With freight rates soaring to all-time highs, emotions as well as prices are running high and shippers have been crying foul.
The carriers must be colluding, they cried, demanding action from competition authorities — particularly in the US, where the Federal Maritime Commission stands guard against such possibilities.
The FMC, along with most other international regulators who have an interest and have taken a look, found no evidence of collusion between leading container lines or market manipulation.
The lines it seems are following letter of the law. But they are not following the spirit of it and it’s fair to say that the regulator’s interest in the lines is not about to disappear just because the headline accusation from shippers has not been upheld.
Our guest today is Daniel Maffei, chairman of the FMC, who joined me and Lloyd’s List’s very own queen of containers Janet Porter in the Lloyd’s List studio for this week’s podcast.

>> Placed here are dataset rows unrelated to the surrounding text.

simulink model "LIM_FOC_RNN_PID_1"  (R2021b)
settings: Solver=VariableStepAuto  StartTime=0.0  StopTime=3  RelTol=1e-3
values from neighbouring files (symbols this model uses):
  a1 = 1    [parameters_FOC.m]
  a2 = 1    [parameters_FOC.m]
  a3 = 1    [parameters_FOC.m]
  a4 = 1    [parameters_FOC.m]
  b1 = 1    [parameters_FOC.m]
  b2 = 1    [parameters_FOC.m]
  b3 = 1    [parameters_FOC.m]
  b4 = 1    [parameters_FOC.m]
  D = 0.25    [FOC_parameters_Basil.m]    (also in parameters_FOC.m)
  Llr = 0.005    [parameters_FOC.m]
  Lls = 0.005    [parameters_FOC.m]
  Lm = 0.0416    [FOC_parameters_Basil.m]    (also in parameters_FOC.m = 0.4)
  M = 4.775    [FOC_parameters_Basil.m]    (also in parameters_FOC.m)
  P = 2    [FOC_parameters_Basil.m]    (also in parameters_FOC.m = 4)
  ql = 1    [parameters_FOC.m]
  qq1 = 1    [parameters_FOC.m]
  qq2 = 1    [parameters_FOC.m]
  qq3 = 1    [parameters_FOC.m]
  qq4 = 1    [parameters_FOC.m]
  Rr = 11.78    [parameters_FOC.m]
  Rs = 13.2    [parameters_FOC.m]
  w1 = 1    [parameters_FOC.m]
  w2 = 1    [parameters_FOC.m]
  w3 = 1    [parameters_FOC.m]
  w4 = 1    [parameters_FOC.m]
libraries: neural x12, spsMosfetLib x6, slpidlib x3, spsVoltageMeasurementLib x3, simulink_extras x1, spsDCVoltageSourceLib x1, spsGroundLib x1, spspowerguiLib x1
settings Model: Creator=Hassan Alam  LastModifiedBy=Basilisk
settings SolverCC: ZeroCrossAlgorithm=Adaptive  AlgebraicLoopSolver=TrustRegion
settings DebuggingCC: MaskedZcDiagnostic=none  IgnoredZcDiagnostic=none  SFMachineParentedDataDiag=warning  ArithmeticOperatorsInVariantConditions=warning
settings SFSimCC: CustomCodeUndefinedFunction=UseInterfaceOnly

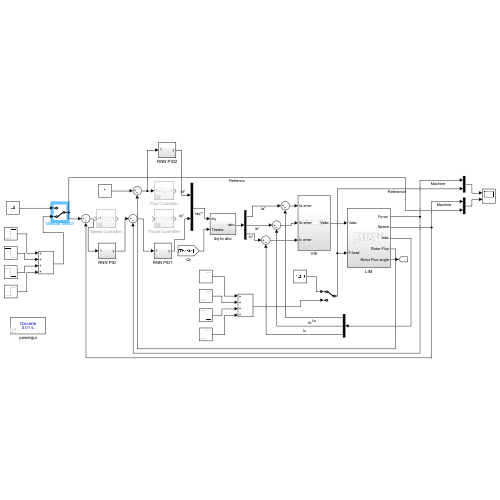
[thumbnail: Simulink's stored preview of the top-level diagram]
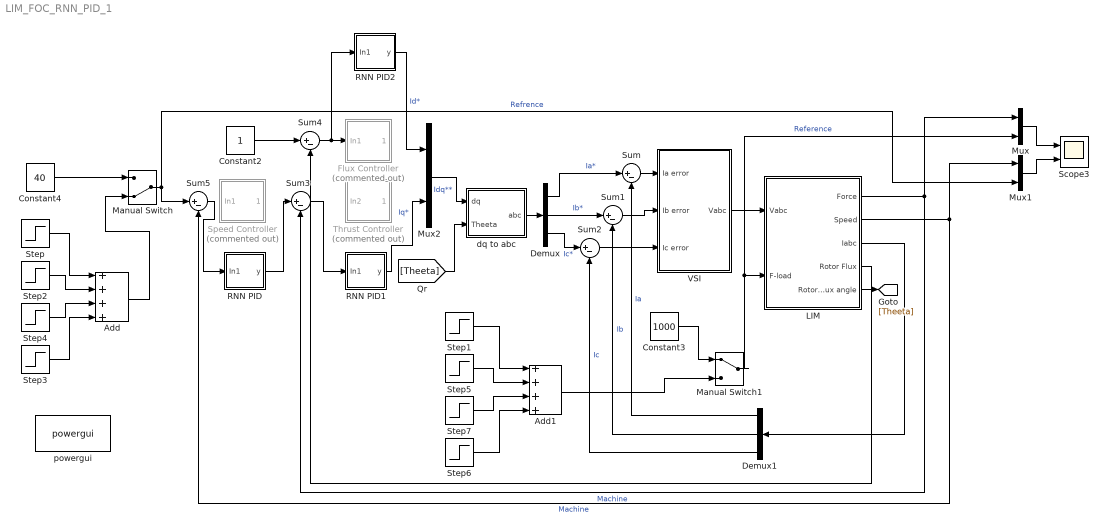
== system LIM_FOC_RNN_PID_1 ==
  Add : Sum  Inputs=++++
  Add1 : Sum  Inputs=++++
  Constant2 : Constant
  Constant3 : Constant  Value=1000
  Constant4 : Constant  Value=40
  Demux : Demux  Outputs=3
  Demux1 : Demux  Outputs=3
  Flux Controller : Subsystem  Commented=on
  LIM : Subsystem
  Manual Switch : ManualSwitch  CurrentSetting=0
  Manual Switch1 : ManualSwitch
  Mux : Mux  Inputs=2
  Mux1 : Mux  Inputs=2
  Mux2 : Mux  Inputs=2
  RNN PID : Subsystem
  RNN PID1 : Subsystem
  RNN PID2 : Subsystem
  Scope3 : Scope  NumInputPorts=2
  Speed Controller : Subsystem  Commented=on
  Step : Step  Time=0.5  Before=1  After=1.6  SampleTime=0
  Step1 : Step  Time=0.5  After=4  SampleTime=0
  Step2 : Step  Time=0.9  After=-0.4  SampleTime=0
  Step3 : Step  Time=2  After=0.5  SampleTime=0
  Step4 : Step  Time=1.5  After=-0.7  SampleTime=0
  Step5 : Step  Time=0.9  After=5  SampleTime=0
  Step6 : Step  Time=2  After=3  SampleTime=0
  Step7 : Step  Time=1.5  After=-2  SampleTime=0
  Sum{,1..5} (6 alike) : Sum  Inputs=|+-
  Thrust Controller : Subsystem  Commented=on
  VSI : Subsystem
  dq to abc : Subsystem
  powergui : spspowerguiLib/powergui  Priority=1  SimulationMode=Discrete  SampleTime=0.01  frequency=60  Iterations=50  frequencyindice=0  Pbase=100e6  ErrMax=1e-4  UnitsV=kV  UnitsW=MW  buscounter=0  FunctionMessages=off  echomessages=off  EnableUseOfTLC=off  CurrentSourceSwitches=off  DisableSnubberDevices=off  DisableRonSwitches=off  DisableVfSwitches=off  DisplayEquations=off  AutomaticDiscreteSolvers=off  SolverType=Tustin/Backward Euler (TBE)  Interpol=off  ExternalGateDelay=off  methode=off  Ts=100  x0status=blocks  SPID=on  SwTol=0  HookPort=off  NonlinearTolerance=1e-4  nMaxIteration=100  ContinueOnMaxIteration=off  RestoreLinks=warning  ResistiveCurrentMeasurement=off  Frange=[0:2:500]  Ylog=off  Xlog=on  ShowGrid=off  save=off  variable=ZData  structure=0  ZoomFFT=off  StartTime=0.0  cycles=1  DisplayStyle=1  fundamental=60  FreqAxis=off  MaxFrequency=1000  frequencyindicesteady=1  RmsSteady=1  display=off
  wires:
  Sum2/1 -> VSI/3(Ic error)
  Sum1/1 -> VSI/2(Ib error)
  Sum/1 -> VSI/1(Ia error)
  dq to abc/1(abc) -> Demux/1
  Demux/2 -> Sum1/1  "Ib*"
  Demux/1 -> Sum/1  "Ia*"
  Demux/3 -> Sum2/1  "Ic*"
  RNN PID1/1(y) -> Mux2/2  "Iq*"
  RNN PID2/1(y) -> Mux2/1  "Id*"
  Mux2/1 -> dq to abc/1(dq)  "Idq**"
  Demux1/1 -> Sum/2  "Ia"
  Demux1/2 -> Sum1/2  "Ib"
  Demux1/3 -> Sum2/2  "Ic"
  LIM/2(" Speed") -> Mux1/1, Sum5/2  "Machine"
  Constant2/1 -> Sum4/1
  Sum4/1 -> RNN PID2/1(In1), Flux Controller/1(In1)
  LIM/4(" Rotor Flux") -> Sum4/2
  [Theeta] -> dq to abc/2(Theeta)
  Constant4/1 -> Manual Switch/1
  VSI/1(Vabc) -> LIM/1(Vabc)
  Sum5/1 -> RNN PID/1(In1)
  LIM/5(" Rotor Flux angle") -> [Theeta]
  LIM/3(" Iabc") -> Demux1/1
  Sum3/1 -> RNN PID1/1(In1)
  Step/1 -> Add/1
  Constant3/1 -> Manual Switch1/1
  Manual Switch1/1 -> LIM/2(F-load), Mux/2  "Reference"
  Add1/1 -> Manual Switch1/2
  Manual Switch/1 -> Sum5/1, Mux1/2  "Refrence"
  Mux/1 -> Scope3/1
  Mux1/1 -> Scope3/2
  LIM/1("Force ") -> Mux/1, Sum3/2  "Machine"
  RNN PID/1(y) -> Sum3/1
  Step2/1 -> Add/2
  Step3/1 -> Add/4
  Step4/1 -> Add/3
  Add/1 -> Manual Switch/2
  Step7/1 -> Add1/3
  Step6/1 -> Add1/4
  Step5/1 -> Add1/2
  Step1/1 -> Add1/1

== system LIM_FOC_RNN_PID_1/Flux Controller ==
  In1 : Inport
  Gain2 : Gain  Gain=6000
  Gain3 : Gain  Gain=0.001
  Integrator : Integrator
  Sum2 : Sum
  Out1 : Outport
  wires:
  In1/1 -> Gain3/1, Gain2/1
  Gain3/1 -> Integrator/1
  Gain2/1 -> Sum2/1
  Integrator/1 -> Sum2/2
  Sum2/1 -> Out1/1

He’s one of five commissioners at the Federal Maritime Commission, so he appears in his capacity as an independent commissioner, making clear his views do not necessarily represent the views of the entire commission.
That said, he raises some very important issues that are of significance to the whole sector, not least his feeling that the extra fees being levied by lines, including congestion charges, are not right.
Container executives should also pay heed to his call for more clarity from the ocean carriers when it comes to explaining the economics of container shipping, and the industry’s essential role in supporting commerce.